Excerpted data -
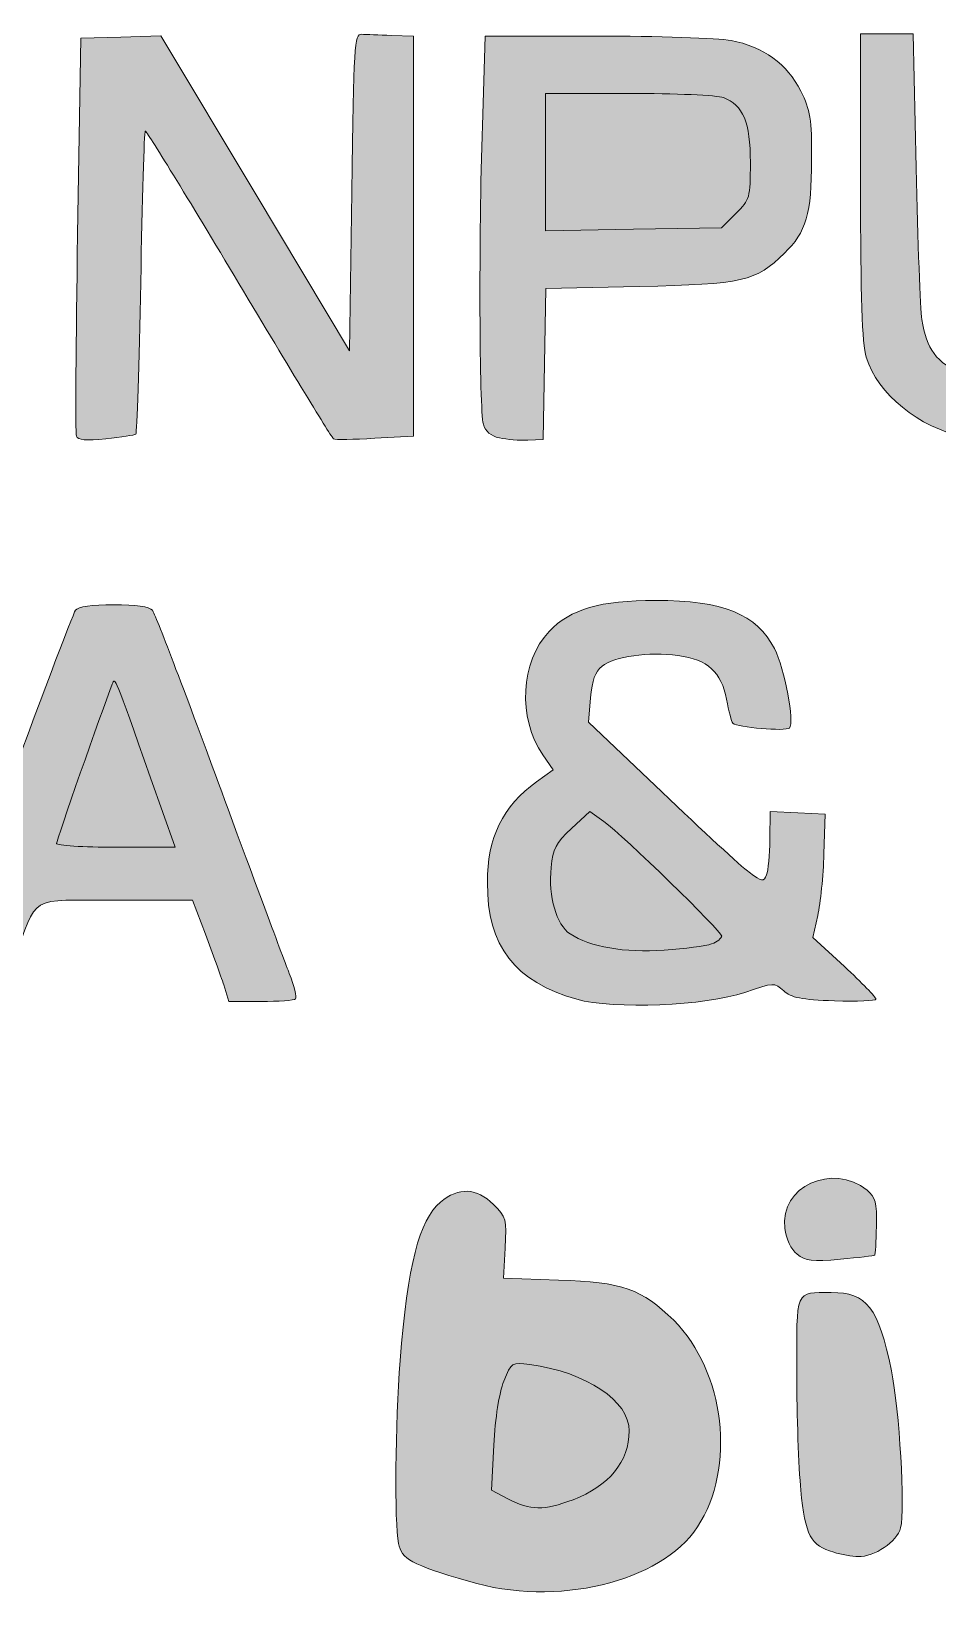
# Model space of a CAD drawing. Extents: x 0 to 500, y 2 to 498.
# Drawn here: x 139.53 to 158.78, y 9.92 to 43.38 of the extents above; entities that cross this region are included whole.
import ezdxf

# ---------------------------------------------------------------- set-up
doc = ezdxf.new("R2010")
doc.units = 0
doc.header["$MEASUREMENT"] = 0
doc.layers.add('LAYER_1', color=7, linetype='Continuous', lineweight=0)

msp = doc.modelspace()

# ---------------------------------------------------------------- hatches: boundary and pattern name
at = {"layer": 'LAYER_1', "true_color": 0x000000, "transparency": 33554687}
h = msp.add_hatch(color=18, dxfattribs=at)
h.dxf.hatch_style = 2
edge = h.paths.add_edge_path()
edge.add_spline(control_points=[(141.111, 34.732), (141.434, 34.765), (141.72, 34.81), (141.746, 34.832), (141.771, 34.855), (141.818, 36.303), (141.85, 38.051), (141.882, 39.798), (141.925, 41.245), (141.945, 41.265), (141.965, 41.285), (142.86, 39.83), (143.934, 38.031), (145.008, 36.233), (145.913, 34.747), (145.945, 34.729), (145.977, 34.711), (146.372, 34.717), (146.822, 34.743), (146.822, 34.743), (147.641, 34.788), (147.641, 34.788), (147.641, 34.788), (147.641, 39.034), (147.641, 39.034), (147.641, 39.034), (147.641, 43.28), (147.641, 43.28), (147.641, 43.28), (147.173, 43.296), (147.173, 43.296), (146.916, 43.305), (146.632, 43.315), (146.542, 43.319), (146.389, 43.327), (146.374, 43.091), (146.331, 39.964), (146.331, 39.964), (146.284, 36.601), (146.284, 36.601), (146.284, 36.601), (144.281, 39.944), (144.281, 39.944), (144.281, 39.944), (142.278, 43.287), (142.278, 43.287), (142.278, 43.287), (141.427, 43.26), (141.427, 43.26), (141.427, 43.26), (140.576, 43.234), (140.576, 43.234), (140.576, 43.234), (140.509, 39.069), (140.509, 39.069), (140.473, 36.779), (140.461, 34.853), (140.483, 34.789), (140.512, 34.705), (140.683, 34.689), (141.111, 34.732)], knot_values=[0, 0, 0, 0, 1, 1, 1, 2, 2, 2, 3, 3, 3, 4, 4, 4, 5, 5, 5, 6, 6, 6, 7, 7, 7, 8, 8, 8, 9, 9, 9, 10, 10, 10, 11, 11, 11, 12, 12, 12, 13, 13, 13, 14, 14, 14, 15, 15, 15, 16, 16, 16, 17, 17, 17, 18, 18, 18, 19, 19, 19, 20, 20, 20, 20], degree=3, periodic=0)
h = msp.add_hatch(color=18, dxfattribs=at)
h.dxf.hatch_style = 2
edge = h.paths.add_edge_path()
edge.add_spline(control_points=[(150.074, 34.704), (149.894, 34.696), (149.622, 34.717), (149.47, 34.751), (149.47, 34.751), (149.47, 34.751), (149.47, 34.751), (149.282, 34.792), (149.173, 34.887), (149.128, 35.046), (149.042, 35.356), (149.03, 39.01), (149.107, 41.385), (149.107, 41.385), (149.168, 43.28), (149.168, 43.28), (149.168, 43.28), (151.527, 43.28), (151.527, 43.28), (152.824, 43.28), (154.112, 43.238), (154.389, 43.186), (155.073, 43.058), (155.588, 42.685), (155.873, 42.111), (156.075, 41.703), (156.104, 41.523), (156.102, 40.661), (156.098, 39.495), (155.991, 39.126), (155.523, 38.67), (154.907, 38.07), (154.662, 38.014), (152.439, 37.966), (152.439, 37.966), (150.453, 37.924), (150.453, 37.924), (150.453, 37.924), (150.427, 36.321), (150.427, 36.321), (150.427, 36.321), (150.402, 34.718), (150.402, 34.718), (150.402, 34.718), (150.074, 34.704), (150.074, 34.704)], knot_values=[0, 0, 0, 0, 1, 1, 1, 2, 2, 2, 3, 3, 3, 4, 4, 4, 5, 5, 5, 6, 6, 6, 7, 7, 7, 8, 8, 8, 9, 9, 9, 10, 10, 10, 11, 11, 11, 12, 12, 12, 13, 13, 13, 14, 14, 14, 15, 15, 15, 15], degree=3, periodic=0)
h = msp.add_hatch(color=18, dxfattribs=at)
h.dxf.hatch_style = 2
edge = h.paths.add_edge_path()
edge.add_spline(control_points=[(163.918, 36.213), (163.634, 35.661), (162.986, 35.137), (162.298, 34.904), (161.741, 34.716), (159.984, 34.634), (159.35, 34.767), (159.351, 34.767), (159.35, 34.767), (159.351, 34.767), (158.375, 34.972), (157.497, 35.686), (157.263, 36.464), (157.173, 36.763), (157.141, 37.72), (157.14, 40.099), (157.14, 40.099), (157.139, 43.327), (157.139, 43.327), (157.139, 43.327), (157.701, 43.327), (157.701, 43.327), (157.701, 43.327), (158.262, 43.327), (158.262, 43.327), (158.262, 43.327), (158.323, 40.481), (158.323, 40.481), (158.356, 38.915), (158.41, 37.468), (158.442, 37.266), (158.544, 36.628), (158.745, 36.36), (159.321, 36.093), (160.334, 35.625), (161.847, 35.796), (162.474, 36.45), (162.474, 36.45), (162.741, 36.728), (162.741, 36.728), (162.741, 36.728), (162.811, 38.484), (162.811, 38.484), (162.849, 39.449), (162.884, 40.904), (162.887, 41.716), (162.892, 42.811), (162.924, 43.202), (163.011, 43.229), (163.075, 43.249), (163.373, 43.29), (163.673, 43.321), (163.673, 43.321), (164.219, 43.377), (164.219, 43.377), (164.219, 43.377), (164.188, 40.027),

Work item -
Quote every record above exactly, omitting any pictures they contain.

Worked solution -
# Model space of a CAD drawing. Extents: x 0 to 500, y 2 to 498.
# Drawn here: x 139.53 to 158.78, y 9.92 to 43.38 of the extents above; entities that cross this region are included whole.
import ezdxf

# ---------------------------------------------------------------- set-up
doc = ezdxf.new("R2010")
doc.units = 0
doc.header["$MEASUREMENT"] = 0
doc.layers.add('LAYER_1', color=7, linetype='Continuous', lineweight=0)

msp = doc.modelspace()

# ---------------------------------------------------------------- hatches: boundary and pattern name
at = {"layer": 'LAYER_1', "true_color": 0x000000, "transparency": 33554687}
h = msp.add_hatch(color=18, dxfattribs=at)
h.dxf.hatch_style = 2
edge = h.paths.add_edge_path()
edge.add_spline(control_points=[(141.111, 34.732), (141.434, 34.765), (141.72, 34.81), (141.746, 34.832), (141.771, 34.855), (141.818, 36.303), (141.85, 38.051), (141.882, 39.798), (141.925, 41.245), (141.945, 41.265), (141.965, 41.285), (142.86, 39.83), (143.934, 38.031), (145.008, 36.233), (145.913, 34.747), (145.945, 34.729), (145.977, 34.711), (146.372, 34.717), (146.822, 34.743), (146.822, 34.743), (147.641, 34.788), (147.641, 34.788), (147.641, 34.788), (147.641, 39.034), (147.641, 39.034), (147.641, 39.034), (147.641, 43.28), (147.641, 43.28), (147.641, 43.28), (147.173, 43.296), (147.173, 43.296), (146.916, 43.305), (146.632, 43.315), (146.542, 43.319), (146.389, 43.327), (146.374, 43.091), (146.331, 39.964), (146.331, 39.964), (146.284, 36.601), (146.284, 36.601), (146.284, 36.601), (144.281, 39.944), (144.281, 39.944), (144.281, 39.944), (142.278, 43.287), (142.278, 43.287), (142.278, 43.287), (141.427, 43.26), (141.427, 43.26), (141.427, 43.26), (140.576, 43.234), (140.576, 43.234), (140.576, 43.234), (140.509, 39.069), (140.509, 39.069), (140.473, 36.779), (140.461, 34.853), (140.483, 34.789), (140.512, 34.705), (140.683, 34.689), (141.111, 34.732)], knot_values=[0, 0, 0, 0, 1, 1, 1, 2, 2, 2, 3, 3, 3, 4, 4, 4, 5, 5, 5, 6, 6, 6, 7, 7, 7, 8, 8, 8, 9, 9, 9, 10, 10, 10, 11, 11, 11, 12, 12, 12, 13, 13, 13, 14, 14, 14, 15, 15, 15, 16, 16, 16, 17, 17, 17, 18, 18, 18, 19, 19, 19, 20, 20, 20, 20], degree=3, periodic=0)
h = msp.add_hatch(color=18, dxfattribs=at)
h.dxf.hatch_style = 2
edge = h.paths.add_edge_path()
edge.add_spline(control_points=[(150.074, 34.704), (149.894, 34.696), (149.622, 34.717), (149.47, 34.751), (149.47, 34.751), (149.47, 34.751), (149.47, 34.751), (149.282, 34.792), (149.173, 34.887), (149.128, 35.046), (149.042, 35.356), (149.03, 39.01), (149.107, 41.385), (149.107, 41.385), (149.168, 43.28), (149.168, 43.28), (149.168, 43.28), (151.527, 43.28), (151.527, 43.28), (152.824, 43.28), (154.112, 43.238), (154.389, 43.186), (155.073, 43.058), (155.588, 42.685), (155.873, 42.111), (156.075, 41.703), (156.104, 41.523), (156.102, 40.661), (156.098, 39.495), (155.991, 39.126), (155.523, 38.67), (154.907, 38.07), (154.662, 38.014), (152.439, 37.966), (152.439, 37.966), (150.453, 37.924), (150.453, 37.924), (150.453, 37.924), (150.427, 36.321), (150.427, 36.321), (150.427, 36.321), (150.402, 34.718), (150.402, 34.718), (150.402, 34.718), (150.074, 34.704), (150.074, 34.704)], knot_values=[0, 0, 0, 0, 1, 1, 1, 2, 2, 2, 3, 3, 3, 4, 4, 4, 5, 5, 5, 6, 6, 6, 7, 7, 7, 8, 8, 8, 9, 9, 9, 10, 10, 10, 11, 11, 11, 12, 12, 12, 13, 13, 13, 14, 14, 14, 15, 15, 15, 15], degree=3, periodic=0)
h = msp.add_hatch(color=18, dxfattribs=at)
h.dxf.hatch_style = 2
edge = h.paths.add_edge_path()
edge.add_spline(control_points=[(163.918, 36.213), (163.634, 35.661), (162.986, 35.137), (162.298, 34.904), (161.741, 34.716), (159.984, 34.634), (159.35, 34.767), (159.351, 34.767), (159.35, 34.767), (159.351, 34.767), (158.375, 34.972), (157.497, 35.686), (157.263, 36.464), (157.173, 36.763), (157.141, 37.72), (157.14, 40.099), (157.14, 40.099), (157.139, 43.327), (157.139, 43.327), (157.139, 43.327), (157.701, 43.327), (157.701, 43.327), (157.701, 43.327), (158.262, 43.327), (158.262, 43.327), (158.262, 43.327), (158.323, 40.481), (158.323, 40.481), (158.356, 38.915), (158.41, 37.468), (158.442, 37.266), (158.544, 36.628), (158.745, 36.36), (159.321, 36.093), (160.334, 35.625), (161.847, 35.796), (162.474, 36.45), (162.474, 36.45), (162.741, 36.728), (162.741, 36.728), (162.741, 36.728), (162.811, 38.484), (162.811, 38.484), (162.849, 39.449), (162.884, 40.904), (162.887, 41.716), (162.892, 42.811), (162.924, 43.202), (163.011, 43.229), (163.075, 43.249), (163.373, 43.29), (163.673, 43.321), (163.673, 43.321), (164.219, 43.377), (164.219, 43.377), (164.219, 43.377), (164.188, 40.027),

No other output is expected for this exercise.